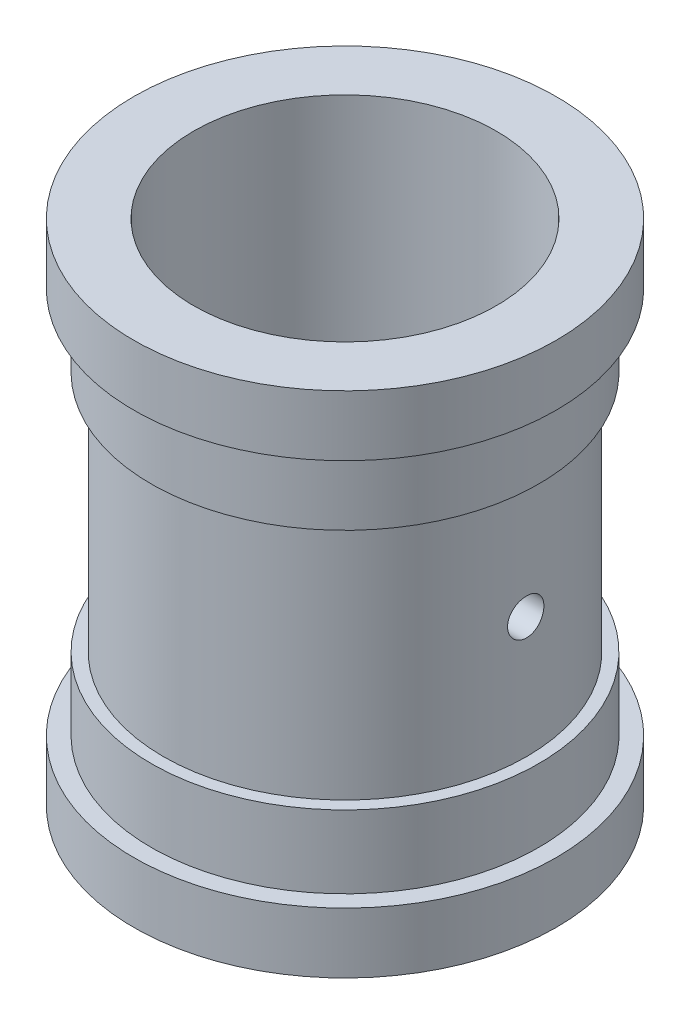
ISO-10303-21;
HEADER;
FILE_DESCRIPTION(('STEP AP214'),'2;1');
FILE_NAME('part.step','',(''),(''),'','','');
FILE_SCHEMA(('AUTOMOTIVE_DESIGN { 1 0 10303 214 1 1 1 1 }'));
ENDSEC;
DATA;
#1=APPLICATION_CONTEXT('core data for automotive mechanical design processes');
#2=APPLICATION_PROTOCOL_DEFINITION('international standard','automotive_design',2000,#1);
#3=PRODUCT_CONTEXT('',#1,'mechanical');
#4=PRODUCT('Part','Part','',(#3));
#5=PRODUCT_RELATED_PRODUCT_CATEGORY('part','',(#4));
#6=PRODUCT_DEFINITION_FORMATION('','',#4);
#7=PRODUCT_DEFINITION_CONTEXT('part definition',#1,'design');
#8=PRODUCT_DEFINITION('design','',#6,#7);
#9=PRODUCT_DEFINITION_SHAPE('','',#8);
#10=(LENGTH_UNIT() NAMED_UNIT(*) SI_UNIT(.MILLI.,.METRE.));
#11=(NAMED_UNIT(*) PLANE_ANGLE_UNIT() SI_UNIT($,.RADIAN.));
#12=(NAMED_UNIT(*) SI_UNIT($,.STERADIAN.) SOLID_ANGLE_UNIT());
#13=UNCERTAINTY_MEASURE_WITH_UNIT(LENGTH_MEASURE(1.E-05),#10,'distance_accuracy_value','');
#14=(GEOMETRIC_REPRESENTATION_CONTEXT(3) GLOBAL_UNCERTAINTY_ASSIGNED_CONTEXT((#13)) GLOBAL_UNIT_ASSIGNED_CONTEXT((#10,
#11,#12)) REPRESENTATION_CONTEXT('',''));
#15=CARTESIAN_POINT('',(0.,0.,0.));
#16=DIRECTION('',(0.,0.,1.));
#17=DIRECTION('',(1.,0.,0.));
#18=AXIS2_PLACEMENT_3D('',#15,#16,#17);
#19=CARTESIAN_POINT('',(0.,42.,0.));
#20=DIRECTION('',(0.,1.,0.));
#21=DIRECTION('',(-1.,0.,0.));
#22=AXIS2_PLACEMENT_3D('',#19,#20,#21);
#23=CYLINDRICAL_SURFACE('',#22,34.8865593644015);
#24=CARTESIAN_POINT('',(0.,42.,0.));
#25=DIRECTION('',(0.,1.,0.));
#26=DIRECTION('',(-1.,0.,0.));
#27=AXIS2_PLACEMENT_3D('',#24,#25,#26);
#28=CIRCLE('',#27,34.8865593644015);
#29=CARTESIAN_POINT('',(-34.8865593644015,42.,0.));
#30=VERTEX_POINT('',#29);
#31=EDGE_CURVE('E10',#30,#30,#28,.T.);
#32=ORIENTED_EDGE('',*,*,#31,.F.);
#33=EDGE_LOOP('',(#32));
#34=FACE_BOUND('',#33,.T.);
#35=CARTESIAN_POINT('',(0.,32.,0.));
#36=DIRECTION('',(0.,1.,0.));
#37=DIRECTION('',(-1.,0.,0.));
#38=AXIS2_PLACEMENT_3D('',#35,#36,#37);
#39=CIRCLE('',#38,34.8865593644015);
#40=CARTESIAN_POINT('',(-34.8865593644015,32.,0.));
#41=VERTEX_POINT('',#40);
#42=EDGE_CURVE('E53',#41,#41,#39,.T.);
#43=ORIENTED_EDGE('',*,*,#42,.T.);
#44=EDGE_LOOP('',(#43));
#45=FACE_BOUND('',#44,.T.);
#46=ADVANCED_FACE('F31',(#34,#45),#23,.T.);
#47=CARTESIAN_POINT('',(0.,42.,0.));
#48=DIRECTION('',(0.,-1.,0.));
#49=DIRECTION('',(1.,0.,0.));
#50=AXIS2_PLACEMENT_3D('',#47,#48,#49);
#51=PLANE('',#50);
#52=CARTESIAN_POINT('',(0.,42.,0.));
#53=DIRECTION('',(0.,1.,0.));
#54=DIRECTION('',(-1.,0.,0.));
#55=AXIS2_PLACEMENT_3D('',#52,#53,#54);
#56=CIRCLE('',#55,25.);
#57=CARTESIAN_POINT('',(-25.,42.,0.));
#58=VERTEX_POINT('',#57);
#59=EDGE_CURVE('E54',#58,#58,#56,.T.);
#60=ORIENTED_EDGE('',*,*,#59,.F.);
#61=EDGE_LOOP('',(#60));
#62=FACE_BOUND('',#61,.T.);
#63=ORIENTED_EDGE('',*,*,#31,.T.);
#64=EDGE_LOOP('',(#63));
#65=FACE_BOUND('',#64,.T.);
#66=ADVANCED_FACE('F108',(#62,#65),#51,.F.);
#67=CARTESIAN_POINT('',(0.,-42.,0.));
#68=DIRECTION('',(0.,1.,0.));
#69=DIRECTION('',(-1.,0.,0.));
#70=AXIS2_PLACEMENT_3D('',#67,#68,#69);
#71=PLANE('',#70);
#72=CARTESIAN_POINT('',(0.,-42.,0.));
#73=DIRECTION('',(0.,1.,0.));
#74=DIRECTION('',(-1.,0.,0.));
#75=AXIS2_PLACEMENT_3D('',#72,#73,#74);
#76=CIRCLE('',#75,25.);
#77=CARTESIAN_POINT('',(-25.,-42.,0.));
#78=VERTEX_POINT('',#77);
#79=EDGE_CURVE('E51',#78,#78,#76,.T.);
#80=ORIENTED_EDGE('',*,*,#79,.T.);
#81=EDGE_LOOP('',(#80));
#82=FACE_BOUND('',#81,.T.);
#83=CARTESIAN_POINT('',(0.,-42.,0.));
#84=DIRECTION('',(0.,1.,0.));
#85=DIRECTION('',(-1.,0.,0.));
#86=AXIS2_PLACEMENT_3D('',#83,#84,#85);
#87=CIRCLE('',#86,34.8865593644015);
#88=CARTESIAN_POINT('',(-34.8865593644015,-42.,0.));
#89=VERTEX_POINT('',#88);
#90=EDGE_CURVE('E42',#89,#89,#87,.T.);
#91=ORIENTED_EDGE('',*,*,#90,.F.);
#92=EDGE_LOOP('',(#91));
#93=FACE_BOUND('',#92,.T.);
#94=ADVANCED_FACE('F105',(#82,#93),#71,.F.);
#95=CARTESIAN_POINT('',(0.,42.,0.));
#96=DIRECTION('',(0.,1.,0.));
#97=DIRECTION('',(-1.,0.,0.));
#98=AXIS2_PLACEMENT_3D('',#95,#96,#97);
#99=CYLINDRICAL_SURFACE('',#98,34.8865593644015);
#100=CARTESIAN_POINT('',(0.,-32.,0.));
#101=DIRECTION('',(0.,1.,0.));
#102=DIRECTION('',(-1.,0.,0.));
#103=AXIS2_PLACEMENT_3D('',#100,#101,#102);
#104=CIRCLE('',#103,34.8865593644015);
#105=CARTESIAN_POINT('',(-34.8865593644015,-32.,0.));
#106=VERTEX_POINT('',#105);
#107=EDGE_CURVE('E47',#106,#106,#104,.T.);
#108=ORIENTED_EDGE('',*,*,#107,.F.);
#109=EDGE_LOOP('',(#108));
#110=FACE_BOUND('',#109,.T.);
#111=ORIENTED_EDGE('',*,*,#90,.T.);
#112=EDGE_LOOP('',(#111));
#113=FACE_BOUND('',#112,.T.);
#114=ADVANCED_FACE('F101',(#110,#113),#99,.T.);
#115=CARTESIAN_POINT('',(32.0000000000001,-32.,0.));
#116=DIRECTION('',(0.,-1.,0.));
#117=DIRECTION('',(1.,0.,0.));
#118=AXIS2_PLACEMENT_3D('',#115,#116,#117);
#119=PLANE('',#118);
#120=CARTESIAN_POINT('',(0.,-32.,0.));
#121=DIRECTION('',(0.,1.,0.));
#122=DIRECTION('',(-1.,0.,0.));
#123=AXIS2_PLACEMENT_3D('',#120,#121,#122);
#124=CIRCLE('',#123,32.0000000000001);
#125=CARTESIAN_POINT('',(-32.,-32.,0.));
#126=VERTEX_POINT('',#125);
#127=EDGE_CURVE('E139',#126,#126,#124,.T.);
#128=ORIENTED_EDGE('',*,*,#127,.F.);
#129=EDGE_LOOP('',(#128));
#130=FACE_BOUND('',#129,.T.);
#131=ORIENTED_EDGE('',*,*,#107,.T.);
#132=EDGE_LOOP('',(#131));
#133=FACE_BOUND('',#132,.T.);
#134=ADVANCED_FACE('F97',(#130,#133),#119,.F.);
#135=CARTESIAN_POINT('',(0.,42.,0.));
#136=DIRECTION('',(0.,1.,0.));
#137=DIRECTION('',(-1.,0.,0.));
#138=AXIS2_PLACEMENT_3D('',#135,#136,#137);
#139=CYLINDRICAL_SURFACE('',#138,32.0000000000001);
#140=CARTESIAN_POINT('',(0.,-20.,0.));
#141=DIRECTION('',(0.,1.,0.));
#142=DIRECTION('',(-1.,0.,0.));
#143=AXIS2_PLACEMENT_3D('',#140,#141,#142);
#144=CIRCLE('',#143,32.);
#145=CARTESIAN_POINT('',(-32.,-20.,0.));
#146=VERTEX_POINT('',#145);
#147=EDGE_CURVE('E136',#146,#146,#144,.T.);
#148=ORIENTED_EDGE('',*,*,#147,.F.);
#149=EDGE_LOOP('',(#148));
#150=FACE_BOUND('',#149,.T.);
#151=ORIENTED_EDGE('',*,*,#127,.T.);
#152=EDGE_LOOP('',(#151));
#153=FACE_BOUND('',#152,.T.);
#154=ADVANCED_FACE('F93',(#150,#153),#139,.T.);
#155=CARTESIAN_POINT('',(30.,-20.,0.));
#156=DIRECTION('',(0.,-1.,0.));
#157=DIRECTION('',(1.,0.,0.));
#158=AXIS2_PLACEMENT_3D('',#155,#156,#157);
#159=PLANE('',#158);
#160=CARTESIAN_POINT('',(0.,-20.,0.));
#161=DIRECTION('',(0.,1.,0.));
#162=DIRECTION('',(-1.,0.,0.));
#163=AXIS2_PLACEMENT_3D('',#160,#161,#162);
#164=CIRCLE('',#163,30.);
#165=CARTESIAN_POINT('',(-30.,-20.,0.));
#166=VERTEX_POINT('',#165);
#167=EDGE_CURVE('E133',#166,#166,#164,.T.);
#168=ORIENTED_EDGE('',*,*,#167,.F.);
#169=EDGE_LOOP('',(#168));
#170=FACE_BOUND('',#169,.T.);
#171=ORIENTED_EDGE('',*,*,#147,.T.);
#172=EDGE_LOOP('',(#171));
#173=FACE_BOUND('',#172,.T.);
#174=ADVANCED_FACE('F87',(#170,#173),#159,.F.);
#175=CARTESIAN_POINT('',(0.,42.,0.));
#176=DIRECTION('',(0.,1.,0.));
#177=DIRECTION('',(-1.,0.,0.));
#178=AXIS2_PLACEMENT_3D('',#175,#176,#177);
#179=CYLINDRICAL_SURFACE('',#178,30.);
#180=CARTESIAN_POINT('',(-30.,-3.,0.));
#181=CARTESIAN_POINT('',(-29.9999980656231,-2.99999272229886,-0.168061061374672));
#182=CARTESIAN_POINT('',(-29.9985727678862,-2.98583019331067,-0.336233235503319));
#183=CARTESIAN_POINT('',(-29.9930240278422,-2.92954688912872,-0.667915195490511));
#184=CARTESIAN_POINT('',(-29.9888976130208,-2.88739531192623,-0.831419637506484));
#185=CARTESIAN_POINT('',(-29.9784124368922,-2.7763732782065,-1.14891502636024));
#186=CARTESIAN_POINT('',(-29.9720550240213,-2.70751895844458,-1.30291165384473));
#187=CARTESIAN_POINT('',(-29.9578187218292,-2.54507727620507,-1.59712848288122));
#188=CARTESIAN_POINT('',(-29.949940135144,-2.45149483199958,-1.73735141633723));
#189=CARTESIAN_POINT('',(-29.9335123302398,-2.24189190701318,-2.00057865202225));
#190=CARTESIAN_POINT('',(-29.924961047216,-2.1258006017939,-2.12352643450468));
#191=CARTESIAN_POINT('',(-29.9081687071879,-1.87462639721091,-2.34822756429295));
#192=CARTESIAN_POINT('',(-29.8999276645476,-1.73954261987284,-2.44997993124796));
#193=CARTESIAN_POINT('',(-29.8846677465836,-1.45386440494914,-2.62960191133085));
#194=CARTESIAN_POINT('',(-29.8776515013272,-1.30323766771542,-2.70742039636464));
#195=CARTESIAN_POINT('',(-29.8656611263958,-0.990973242285062,-2.83663915422828));
#196=CARTESIAN_POINT('',(-29.8606869462667,-0.829335826248149,-2.88804007977387));
#197=CARTESIAN_POINT('',(-29.8533625221894,-0.50021459740197,-2.96279712480568));
#198=CARTESIAN_POINT('',(-29.8510035119429,-0.332752269443374,-2.98624695901139));
#199=CARTESIAN_POINT('',(-29.8491492918158,0.00374659018734347,-3.00472585540608));
#200=CARTESIAN_POINT('',(-29.8496540066624,0.17278308036618,-2.9997556646124));
#201=CARTESIAN_POINT('',(-29.8534622069681,0.506985929079957,-2.96161284075803));
#202=CARTESIAN_POINT('',(-29.8567555377196,0.672164097986084,-2.92854253237365));
#203=CARTESIAN_POINT('',(-29.8657540286226,0.994613889603284,-2.83529743245176));
#204=CARTESIAN_POINT('',(-29.8714592213548,1.1518854054751,-2.77512227476724));
#205=CARTESIAN_POINT('',(-29.8846502835622,1.45438076189667,-2.62926268164452));
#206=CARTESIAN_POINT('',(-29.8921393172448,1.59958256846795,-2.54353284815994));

===============

> **PROBLEM DETAILS**: Reproduce verbatim the lines above, from the line with "#89=VERTEX_POINT('',#88);" through the line with "#124=CIRCLE('',#123,32.0000000000001);".

> **RESULT BELOW**:
#89=VERTEX_POINT('',#88);
#90=EDGE_CURVE('E42',#89,#89,#87,.T.);
#91=ORIENTED_EDGE('',*,*,#90,.F.);
#92=EDGE_LOOP('',(#91));
#93=FACE_BOUND('',#92,.T.);
#94=ADVANCED_FACE('F105',(#82,#93),#71,.F.);
#95=CARTESIAN_POINT('',(0.,42.,0.));
#96=DIRECTION('',(0.,1.,0.));
#97=DIRECTION('',(-1.,0.,0.));
#98=AXIS2_PLACEMENT_3D('',#95,#96,#97);
#99=CYLINDRICAL_SURFACE('',#98,34.8865593644015);
#100=CARTESIAN_POINT('',(0.,-32.,0.));
#101=DIRECTION('',(0.,1.,0.));
#102=DIRECTION('',(-1.,0.,0.));
#103=AXIS2_PLACEMENT_3D('',#100,#101,#102);
#104=CIRCLE('',#103,34.8865593644015);
#105=CARTESIAN_POINT('',(-34.8865593644015,-32.,0.));
#106=VERTEX_POINT('',#105);
#107=EDGE_CURVE('E47',#106,#106,#104,.T.);
#108=ORIENTED_EDGE('',*,*,#107,.F.);
#109=EDGE_LOOP('',(#108));
#110=FACE_BOUND('',#109,.T.);
#111=ORIENTED_EDGE('',*,*,#90,.T.);
#112=EDGE_LOOP('',(#111));
#113=FACE_BOUND('',#112,.T.);
#114=ADVANCED_FACE('F101',(#110,#113),#99,.T.);
#115=CARTESIAN_POINT('',(32.0000000000001,-32.,0.));
#116=DIRECTION('',(0.,-1.,0.));
#117=DIRECTION('',(1.,0.,0.));
#118=AXIS2_PLACEMENT_3D('',#115,#116,#117);
#119=PLANE('',#118);
#120=CARTESIAN_POINT('',(0.,-32.,0.));
#121=DIRECTION('',(0.,1.,0.));
#122=DIRECTION('',(-1.,0.,0.));
#123=AXIS2_PLACEMENT_3D('',#120,#121,#122);
#124=CIRCLE('',#123,32.0000000000001);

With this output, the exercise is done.